[Data records]
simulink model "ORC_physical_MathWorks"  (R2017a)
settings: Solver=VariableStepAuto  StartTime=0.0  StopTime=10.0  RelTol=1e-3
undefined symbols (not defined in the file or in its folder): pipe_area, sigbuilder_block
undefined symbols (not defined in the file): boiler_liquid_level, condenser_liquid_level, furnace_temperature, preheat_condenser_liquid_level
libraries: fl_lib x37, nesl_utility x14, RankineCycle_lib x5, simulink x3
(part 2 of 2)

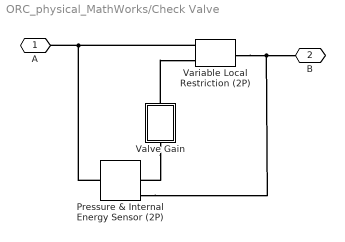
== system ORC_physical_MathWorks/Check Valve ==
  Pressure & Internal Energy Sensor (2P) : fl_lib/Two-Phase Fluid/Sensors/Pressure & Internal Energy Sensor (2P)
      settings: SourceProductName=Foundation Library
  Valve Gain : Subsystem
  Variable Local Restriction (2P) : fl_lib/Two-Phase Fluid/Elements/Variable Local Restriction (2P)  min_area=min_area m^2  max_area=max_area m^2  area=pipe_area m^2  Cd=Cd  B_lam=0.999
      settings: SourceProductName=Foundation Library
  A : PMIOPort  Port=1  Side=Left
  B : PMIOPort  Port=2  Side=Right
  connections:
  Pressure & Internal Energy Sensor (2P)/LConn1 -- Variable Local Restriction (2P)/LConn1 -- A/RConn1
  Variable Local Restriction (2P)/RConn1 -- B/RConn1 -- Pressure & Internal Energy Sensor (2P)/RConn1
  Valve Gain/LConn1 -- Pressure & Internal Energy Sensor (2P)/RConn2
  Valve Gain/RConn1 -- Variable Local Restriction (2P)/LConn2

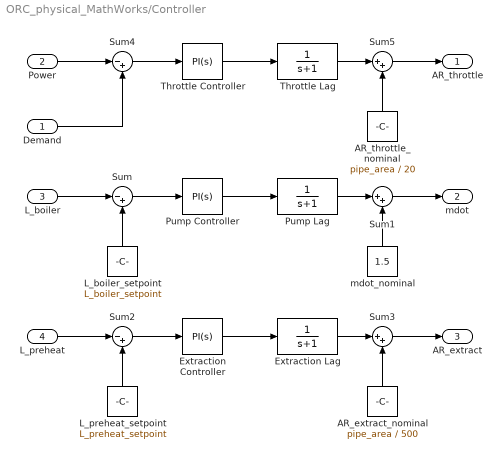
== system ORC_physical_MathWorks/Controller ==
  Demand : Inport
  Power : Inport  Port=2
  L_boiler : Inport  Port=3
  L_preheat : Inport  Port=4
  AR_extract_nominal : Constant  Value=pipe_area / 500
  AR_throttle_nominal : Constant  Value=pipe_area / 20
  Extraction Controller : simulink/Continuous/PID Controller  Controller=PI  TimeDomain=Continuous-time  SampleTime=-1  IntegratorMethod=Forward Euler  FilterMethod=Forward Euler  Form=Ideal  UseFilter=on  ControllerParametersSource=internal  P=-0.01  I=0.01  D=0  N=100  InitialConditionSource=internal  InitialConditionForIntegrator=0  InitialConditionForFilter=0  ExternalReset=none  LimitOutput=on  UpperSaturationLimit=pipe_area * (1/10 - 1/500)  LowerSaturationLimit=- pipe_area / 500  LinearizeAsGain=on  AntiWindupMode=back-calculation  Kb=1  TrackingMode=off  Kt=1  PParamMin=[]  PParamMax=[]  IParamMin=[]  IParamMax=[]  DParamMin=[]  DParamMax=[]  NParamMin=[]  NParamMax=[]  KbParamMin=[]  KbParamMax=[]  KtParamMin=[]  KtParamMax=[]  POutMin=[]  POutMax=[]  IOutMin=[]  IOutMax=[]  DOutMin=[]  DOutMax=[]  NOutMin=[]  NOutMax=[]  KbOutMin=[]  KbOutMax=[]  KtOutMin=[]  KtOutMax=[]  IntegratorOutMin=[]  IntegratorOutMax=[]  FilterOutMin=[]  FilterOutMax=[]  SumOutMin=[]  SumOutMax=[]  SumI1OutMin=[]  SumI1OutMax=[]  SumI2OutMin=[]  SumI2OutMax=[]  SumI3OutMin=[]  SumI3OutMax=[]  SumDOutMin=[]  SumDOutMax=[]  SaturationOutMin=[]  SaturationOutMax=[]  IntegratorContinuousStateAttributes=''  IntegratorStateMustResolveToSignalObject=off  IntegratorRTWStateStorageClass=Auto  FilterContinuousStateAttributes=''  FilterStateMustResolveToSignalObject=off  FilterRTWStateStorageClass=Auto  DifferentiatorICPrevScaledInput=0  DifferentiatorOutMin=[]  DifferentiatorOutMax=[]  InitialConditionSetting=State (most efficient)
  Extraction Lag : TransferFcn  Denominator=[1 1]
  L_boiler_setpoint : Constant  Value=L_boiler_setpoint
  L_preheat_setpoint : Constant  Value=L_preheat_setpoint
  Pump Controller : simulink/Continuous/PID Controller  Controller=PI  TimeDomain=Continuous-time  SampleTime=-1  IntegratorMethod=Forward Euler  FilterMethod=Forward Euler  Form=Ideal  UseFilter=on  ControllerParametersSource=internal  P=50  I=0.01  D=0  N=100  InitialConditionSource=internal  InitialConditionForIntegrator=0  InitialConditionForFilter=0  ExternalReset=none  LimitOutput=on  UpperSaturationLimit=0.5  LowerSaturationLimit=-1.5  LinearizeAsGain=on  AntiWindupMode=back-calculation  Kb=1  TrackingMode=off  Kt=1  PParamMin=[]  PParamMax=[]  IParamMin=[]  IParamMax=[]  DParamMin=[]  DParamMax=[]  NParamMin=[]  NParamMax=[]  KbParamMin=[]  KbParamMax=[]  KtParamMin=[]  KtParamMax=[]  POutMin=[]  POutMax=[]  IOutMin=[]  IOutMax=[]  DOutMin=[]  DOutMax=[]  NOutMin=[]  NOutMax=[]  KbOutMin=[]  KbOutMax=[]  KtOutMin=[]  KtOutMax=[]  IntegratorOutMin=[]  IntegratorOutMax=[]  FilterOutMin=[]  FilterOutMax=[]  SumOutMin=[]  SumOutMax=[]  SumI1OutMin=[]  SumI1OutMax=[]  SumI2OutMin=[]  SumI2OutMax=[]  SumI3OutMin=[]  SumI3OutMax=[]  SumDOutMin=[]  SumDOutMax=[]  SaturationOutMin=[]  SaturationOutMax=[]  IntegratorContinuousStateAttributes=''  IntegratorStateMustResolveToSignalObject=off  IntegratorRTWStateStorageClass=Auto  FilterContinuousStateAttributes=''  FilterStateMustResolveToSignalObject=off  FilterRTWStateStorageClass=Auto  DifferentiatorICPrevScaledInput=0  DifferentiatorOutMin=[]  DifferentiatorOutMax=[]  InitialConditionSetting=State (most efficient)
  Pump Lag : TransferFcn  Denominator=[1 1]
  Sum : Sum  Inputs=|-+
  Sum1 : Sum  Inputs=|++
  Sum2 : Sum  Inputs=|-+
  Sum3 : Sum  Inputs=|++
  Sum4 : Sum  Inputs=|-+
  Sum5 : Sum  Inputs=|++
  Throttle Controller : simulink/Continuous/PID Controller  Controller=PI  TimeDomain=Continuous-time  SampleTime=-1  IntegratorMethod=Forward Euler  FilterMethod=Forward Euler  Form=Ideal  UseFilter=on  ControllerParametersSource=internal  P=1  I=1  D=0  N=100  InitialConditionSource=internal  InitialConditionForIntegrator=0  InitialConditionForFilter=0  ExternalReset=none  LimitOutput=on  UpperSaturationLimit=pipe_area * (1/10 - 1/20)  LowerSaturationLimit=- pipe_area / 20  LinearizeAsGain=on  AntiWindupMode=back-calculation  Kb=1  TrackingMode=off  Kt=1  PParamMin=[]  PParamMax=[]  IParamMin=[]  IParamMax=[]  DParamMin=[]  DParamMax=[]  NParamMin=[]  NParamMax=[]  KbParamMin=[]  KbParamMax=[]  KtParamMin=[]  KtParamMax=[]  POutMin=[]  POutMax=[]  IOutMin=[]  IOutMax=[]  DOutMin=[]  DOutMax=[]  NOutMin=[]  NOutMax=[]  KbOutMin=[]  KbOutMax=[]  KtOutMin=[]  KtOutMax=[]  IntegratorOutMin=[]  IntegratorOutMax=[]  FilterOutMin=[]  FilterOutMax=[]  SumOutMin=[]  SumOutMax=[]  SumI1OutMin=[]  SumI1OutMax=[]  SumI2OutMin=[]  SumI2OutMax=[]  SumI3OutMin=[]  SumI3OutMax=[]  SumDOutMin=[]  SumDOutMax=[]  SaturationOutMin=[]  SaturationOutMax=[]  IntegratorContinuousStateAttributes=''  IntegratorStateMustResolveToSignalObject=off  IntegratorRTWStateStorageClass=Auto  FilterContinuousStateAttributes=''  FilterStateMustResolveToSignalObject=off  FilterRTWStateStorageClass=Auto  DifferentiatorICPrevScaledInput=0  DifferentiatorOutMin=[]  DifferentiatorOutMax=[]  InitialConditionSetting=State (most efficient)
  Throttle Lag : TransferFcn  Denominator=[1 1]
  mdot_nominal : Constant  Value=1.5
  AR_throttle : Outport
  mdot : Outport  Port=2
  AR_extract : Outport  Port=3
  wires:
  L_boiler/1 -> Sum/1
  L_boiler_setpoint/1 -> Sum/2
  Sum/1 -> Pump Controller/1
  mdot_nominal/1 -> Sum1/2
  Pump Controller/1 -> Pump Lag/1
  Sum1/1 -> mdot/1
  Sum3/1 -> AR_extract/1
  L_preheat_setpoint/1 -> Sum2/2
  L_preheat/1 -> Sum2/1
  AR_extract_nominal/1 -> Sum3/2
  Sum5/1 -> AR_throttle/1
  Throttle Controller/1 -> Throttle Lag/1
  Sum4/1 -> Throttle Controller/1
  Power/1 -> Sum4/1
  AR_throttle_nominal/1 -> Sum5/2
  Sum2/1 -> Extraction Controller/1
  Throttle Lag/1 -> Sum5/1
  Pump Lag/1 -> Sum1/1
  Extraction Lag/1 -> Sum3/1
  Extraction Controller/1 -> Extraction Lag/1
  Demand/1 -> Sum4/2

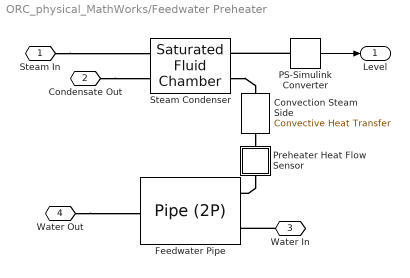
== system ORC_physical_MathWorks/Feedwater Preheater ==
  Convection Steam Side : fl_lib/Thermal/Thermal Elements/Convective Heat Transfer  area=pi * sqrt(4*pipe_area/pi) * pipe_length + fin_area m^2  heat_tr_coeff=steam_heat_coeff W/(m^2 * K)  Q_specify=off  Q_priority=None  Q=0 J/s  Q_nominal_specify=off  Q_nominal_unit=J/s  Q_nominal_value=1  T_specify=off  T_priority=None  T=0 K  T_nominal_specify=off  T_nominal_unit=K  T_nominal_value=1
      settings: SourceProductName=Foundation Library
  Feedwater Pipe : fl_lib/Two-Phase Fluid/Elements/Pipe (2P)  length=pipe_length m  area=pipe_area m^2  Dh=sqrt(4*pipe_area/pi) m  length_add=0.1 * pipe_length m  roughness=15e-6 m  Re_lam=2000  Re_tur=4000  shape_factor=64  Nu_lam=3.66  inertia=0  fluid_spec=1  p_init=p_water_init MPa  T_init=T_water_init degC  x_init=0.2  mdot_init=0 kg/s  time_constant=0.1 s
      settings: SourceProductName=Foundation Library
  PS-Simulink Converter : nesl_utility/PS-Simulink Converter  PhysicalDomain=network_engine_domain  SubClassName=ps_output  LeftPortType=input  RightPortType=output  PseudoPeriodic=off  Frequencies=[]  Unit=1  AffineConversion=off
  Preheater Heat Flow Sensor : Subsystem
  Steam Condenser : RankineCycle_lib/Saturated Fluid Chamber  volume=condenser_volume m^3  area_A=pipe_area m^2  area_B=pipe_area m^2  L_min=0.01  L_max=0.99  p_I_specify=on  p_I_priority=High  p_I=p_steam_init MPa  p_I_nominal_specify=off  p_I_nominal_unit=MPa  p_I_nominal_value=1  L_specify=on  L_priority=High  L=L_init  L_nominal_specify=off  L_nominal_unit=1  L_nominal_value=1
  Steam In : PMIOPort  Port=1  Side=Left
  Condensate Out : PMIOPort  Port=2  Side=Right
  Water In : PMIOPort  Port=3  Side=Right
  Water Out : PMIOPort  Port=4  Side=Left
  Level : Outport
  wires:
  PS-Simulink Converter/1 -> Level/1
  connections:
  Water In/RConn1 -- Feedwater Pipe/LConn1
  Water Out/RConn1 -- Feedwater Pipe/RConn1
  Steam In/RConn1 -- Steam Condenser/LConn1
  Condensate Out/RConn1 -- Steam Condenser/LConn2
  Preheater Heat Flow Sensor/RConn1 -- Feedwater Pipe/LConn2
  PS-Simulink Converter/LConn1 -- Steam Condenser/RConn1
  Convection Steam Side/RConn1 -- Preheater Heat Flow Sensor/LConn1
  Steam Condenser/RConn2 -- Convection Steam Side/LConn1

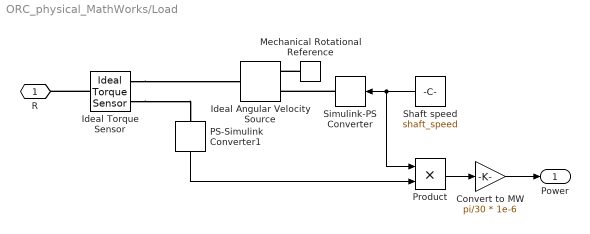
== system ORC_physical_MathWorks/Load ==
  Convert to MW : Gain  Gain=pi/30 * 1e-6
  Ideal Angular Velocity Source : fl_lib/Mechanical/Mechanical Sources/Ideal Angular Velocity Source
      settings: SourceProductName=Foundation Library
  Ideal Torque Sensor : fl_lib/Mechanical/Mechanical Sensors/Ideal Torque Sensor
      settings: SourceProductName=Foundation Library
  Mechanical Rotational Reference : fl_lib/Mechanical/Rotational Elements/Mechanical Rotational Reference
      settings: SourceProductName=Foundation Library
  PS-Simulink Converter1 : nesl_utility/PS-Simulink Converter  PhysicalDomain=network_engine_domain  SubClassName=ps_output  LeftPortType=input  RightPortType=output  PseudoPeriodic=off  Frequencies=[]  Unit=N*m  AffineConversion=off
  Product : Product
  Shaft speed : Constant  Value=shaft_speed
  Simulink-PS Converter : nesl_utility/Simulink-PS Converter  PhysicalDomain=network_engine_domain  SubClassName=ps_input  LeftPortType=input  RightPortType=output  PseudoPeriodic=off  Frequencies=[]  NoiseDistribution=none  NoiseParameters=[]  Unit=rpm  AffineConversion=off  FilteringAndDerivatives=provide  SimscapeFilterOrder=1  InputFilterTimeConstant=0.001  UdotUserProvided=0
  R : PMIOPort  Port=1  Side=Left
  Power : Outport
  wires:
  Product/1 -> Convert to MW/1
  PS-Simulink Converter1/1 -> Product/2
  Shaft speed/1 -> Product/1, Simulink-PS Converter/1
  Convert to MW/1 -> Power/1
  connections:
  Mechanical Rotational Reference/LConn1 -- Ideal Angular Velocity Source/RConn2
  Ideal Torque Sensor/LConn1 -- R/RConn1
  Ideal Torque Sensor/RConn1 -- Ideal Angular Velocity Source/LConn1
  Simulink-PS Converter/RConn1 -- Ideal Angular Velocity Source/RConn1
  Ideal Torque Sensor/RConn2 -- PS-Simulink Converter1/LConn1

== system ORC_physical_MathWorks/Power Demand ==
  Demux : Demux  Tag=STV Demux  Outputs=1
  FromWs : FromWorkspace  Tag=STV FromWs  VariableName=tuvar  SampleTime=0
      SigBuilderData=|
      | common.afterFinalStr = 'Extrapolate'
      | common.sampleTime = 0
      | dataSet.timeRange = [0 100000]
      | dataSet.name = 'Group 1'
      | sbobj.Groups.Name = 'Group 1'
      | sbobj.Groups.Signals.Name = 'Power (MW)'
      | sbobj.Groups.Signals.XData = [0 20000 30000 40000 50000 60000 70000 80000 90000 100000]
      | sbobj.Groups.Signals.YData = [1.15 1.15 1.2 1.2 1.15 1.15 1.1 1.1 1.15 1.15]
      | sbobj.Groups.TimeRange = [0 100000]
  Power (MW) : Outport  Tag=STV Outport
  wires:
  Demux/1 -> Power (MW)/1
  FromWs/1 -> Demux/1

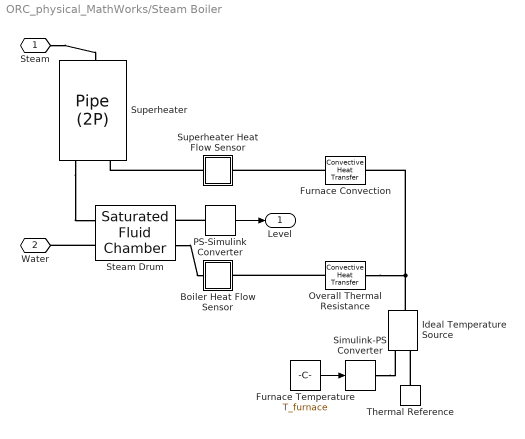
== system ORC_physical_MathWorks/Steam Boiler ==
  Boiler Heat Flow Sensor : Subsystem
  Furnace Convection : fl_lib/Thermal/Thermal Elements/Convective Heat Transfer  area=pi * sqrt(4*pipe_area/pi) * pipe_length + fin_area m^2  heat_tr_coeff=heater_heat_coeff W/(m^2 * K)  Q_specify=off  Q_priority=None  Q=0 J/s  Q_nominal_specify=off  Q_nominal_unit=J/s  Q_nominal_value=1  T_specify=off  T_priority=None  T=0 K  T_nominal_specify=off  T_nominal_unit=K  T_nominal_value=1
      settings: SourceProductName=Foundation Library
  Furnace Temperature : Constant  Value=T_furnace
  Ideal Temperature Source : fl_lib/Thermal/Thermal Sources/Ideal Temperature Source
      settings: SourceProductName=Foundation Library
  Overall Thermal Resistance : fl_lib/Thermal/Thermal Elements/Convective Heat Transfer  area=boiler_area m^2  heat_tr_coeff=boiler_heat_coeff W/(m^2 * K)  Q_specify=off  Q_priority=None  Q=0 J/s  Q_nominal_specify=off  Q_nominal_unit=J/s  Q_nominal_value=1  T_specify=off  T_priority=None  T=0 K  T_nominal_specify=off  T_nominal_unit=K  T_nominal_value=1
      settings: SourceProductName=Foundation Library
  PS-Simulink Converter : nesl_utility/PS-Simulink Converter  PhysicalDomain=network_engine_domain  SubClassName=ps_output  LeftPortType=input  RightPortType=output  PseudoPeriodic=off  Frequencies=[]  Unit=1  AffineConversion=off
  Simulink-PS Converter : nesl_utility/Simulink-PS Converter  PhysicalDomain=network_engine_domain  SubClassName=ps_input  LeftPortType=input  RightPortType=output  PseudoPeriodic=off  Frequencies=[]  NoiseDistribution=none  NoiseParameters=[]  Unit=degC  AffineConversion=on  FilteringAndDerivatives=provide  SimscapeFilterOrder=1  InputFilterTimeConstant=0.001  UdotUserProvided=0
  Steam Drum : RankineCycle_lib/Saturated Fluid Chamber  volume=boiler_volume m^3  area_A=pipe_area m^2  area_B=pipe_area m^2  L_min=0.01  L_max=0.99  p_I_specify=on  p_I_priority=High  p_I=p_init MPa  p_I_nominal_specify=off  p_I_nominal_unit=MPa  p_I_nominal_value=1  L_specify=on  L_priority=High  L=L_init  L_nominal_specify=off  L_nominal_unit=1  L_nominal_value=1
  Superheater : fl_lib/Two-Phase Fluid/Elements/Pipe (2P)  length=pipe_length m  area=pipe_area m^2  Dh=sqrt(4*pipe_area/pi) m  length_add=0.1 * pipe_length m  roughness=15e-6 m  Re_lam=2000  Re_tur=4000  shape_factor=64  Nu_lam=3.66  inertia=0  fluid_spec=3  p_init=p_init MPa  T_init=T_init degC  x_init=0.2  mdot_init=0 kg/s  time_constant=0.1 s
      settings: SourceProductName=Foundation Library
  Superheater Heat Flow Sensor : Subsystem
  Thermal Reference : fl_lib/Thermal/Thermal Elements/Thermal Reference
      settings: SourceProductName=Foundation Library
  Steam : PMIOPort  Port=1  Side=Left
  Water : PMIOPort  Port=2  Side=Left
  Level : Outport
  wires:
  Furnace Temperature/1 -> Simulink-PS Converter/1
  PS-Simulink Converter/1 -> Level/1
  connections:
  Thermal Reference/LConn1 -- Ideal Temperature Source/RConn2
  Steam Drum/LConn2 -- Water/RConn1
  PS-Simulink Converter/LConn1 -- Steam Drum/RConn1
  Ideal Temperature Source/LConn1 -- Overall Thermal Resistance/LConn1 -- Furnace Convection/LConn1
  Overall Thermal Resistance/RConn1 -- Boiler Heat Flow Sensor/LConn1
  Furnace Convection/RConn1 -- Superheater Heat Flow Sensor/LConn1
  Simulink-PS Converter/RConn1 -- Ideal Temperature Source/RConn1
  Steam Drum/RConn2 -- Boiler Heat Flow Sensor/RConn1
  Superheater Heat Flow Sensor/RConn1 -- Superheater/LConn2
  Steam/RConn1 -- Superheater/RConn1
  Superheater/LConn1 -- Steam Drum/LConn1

- [Your goal] Begin at the line above that has "Steam Drum/LConn2 -- Water/RConn1" and stop after the line that has "Steam Drum/RConn2 -- Boiler", copying each line exactly and adding nothing else.

- [Your solution]
  Steam Drum/LConn2 -- Water/RConn1
  PS-Simulink Converter/LConn1 -- Steam Drum/RConn1
  Ideal Temperature Source/LConn1 -- Overall Thermal Resistance/LConn1 -- Furnace Convection/LConn1
  Overall Thermal Resistance/RConn1 -- Boiler Heat Flow Sensor/LConn1
  Furnace Convection/RConn1 -- Superheater Heat Flow Sensor/LConn1
  Simulink-PS Converter/RConn1 -- Ideal Temperature Source/RConn1
  Steam Drum/RConn2 -- Boiler Heat Flow Sensor/RConn1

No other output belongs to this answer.